A small-but-growing number of swine raisers are actively involved in hog-breed preservation work, also. Some breeds actually went extinct in the 20th century, and a number more slipped to dangerously small populations. Among the rarest surviving are the Gloucester Old Spot, Wessex and Large English Black. (For details on these and other endangered breeds, check the website of the American Livestock Breed Conservancy.)

In a second tier of minor breeds, with perhaps better prospects for thriving, are the Tamworth and the Hereford. Minor breeds with old type—but being managed for improvement—include the Mulefoot and Red Wattle. What may surprise a great many, however, is just how badly numbers have slipped for such widely known breeds as the Spotted, Black Poland and Chester White.

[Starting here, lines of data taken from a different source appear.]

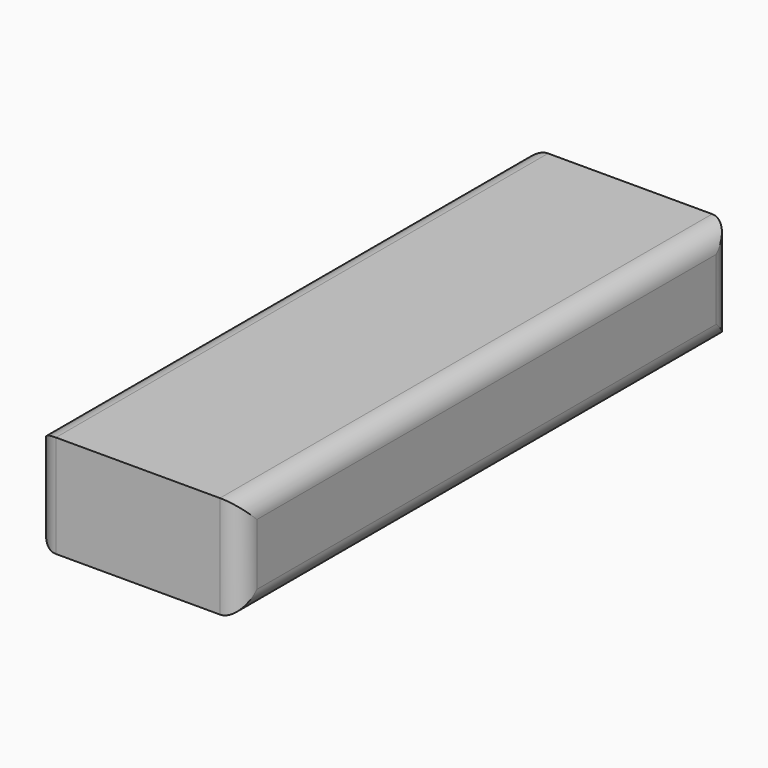
from build123d import *

# Parameters (mm, degrees)
F0_W     = 50.8
F0_H     = 152.4
F1_DEPTH = 25.4
F2_R     = 5.08
F3_T     = -2.54


# Not quite as in the source:
# - a shell that OpenCascade refuses in one call is made with other operations: the cavity is built on its own and cut out


with BuildPart() as f1:
    # F0 (on Top) → F1 (new body)
    with BuildSketch(Plane.XY):
        Rectangle(F0_W, F0_H)
    extrude(amount=F1_DEPTH)

    # F2
    f2_edges = [f1.edges().sort_by_distance(p)[0] for p in [
        (-25.4, 76.2, 12.7),
        (25.4, 76.2, 12.7),
        (-25.4, -76.2, 12.7),
        (25.4, -76.2, 12.7),
        (25.4, 0, 25.4),
        (25.4, 0, 0),
        (-25.4, 0, 25.4),
        (-25.4, 0, 0),
    ]]
    fillet(f2_edges, radius=F2_R)

    # F3: a shell. OpenCascade refuses it in one call, so the cavity is built on its own and cut out:
    # the body offset inwards by the wall thickness, plus a prism from it out through each open face.
    f3_core = offset(f1.part, amount=F3_T, mode=Mode.PRIVATE)
    f3_exits = [f3_core.faces().sort_by_distance(p)[0] for p in [
        (-22.86, 0, 12.7),
    ]]
    add(f3_core, mode=Mode.SUBTRACT)
    extrude(f3_exits, amount=-F3_T, mode=Mode.SUBTRACT)


solid = f1.part

A real success story is the Berkshire. Just a few years ago, national sow herd numbers had slipped to a few hundred pedigree-recorded individuals, and there was talk of the need for establishing a preservation herd. As word spread anew of the distinctive pork the breed produces—called “black pork” in Asian circles—new interest arose. Berkshire classes are now some of the most competitive at some state fairs. Actually, many of the minor breeds are presenting in greater numbers and stronger show classes than have been seen at Midwestern state fairs in decades.

The small swine herds I knew as a boy in the ‘50s are coming back. Some of them are the exact same herds. On these farms, the hog enterprise fits in and around a number of other ventures to diversify production efficiencies, broaden earning power, provide value-added potential and improve risk management. These producers are putting a very personal stamp on their product, one that has far greater meaning than simply “the other white meat.” (Actually, wasn’t that turkey?)

They are cultivating high-quality seedstock that yields premium pork, using high-touch marketing in direct sale to consumers, to achieve the highest possible returns for a uniquely excellent product. They are ironing out the ups and downs once associated with selling commercial hogs by developing loyal customers in niches of their own making. They output only as many hogs as their markets will profitably support and are careful to use practices distinct from the negative images of confinement-produced pork.

These are farmers now netting $100 or more per market hog. They know what their markets will bear and push no harder. They are taking a lesson from the wisdom of their critters. The undoing of pork production has not been the greedy nature of the pig, but rather the greedy nature of the producer.

By living within their limits, everybody will get along.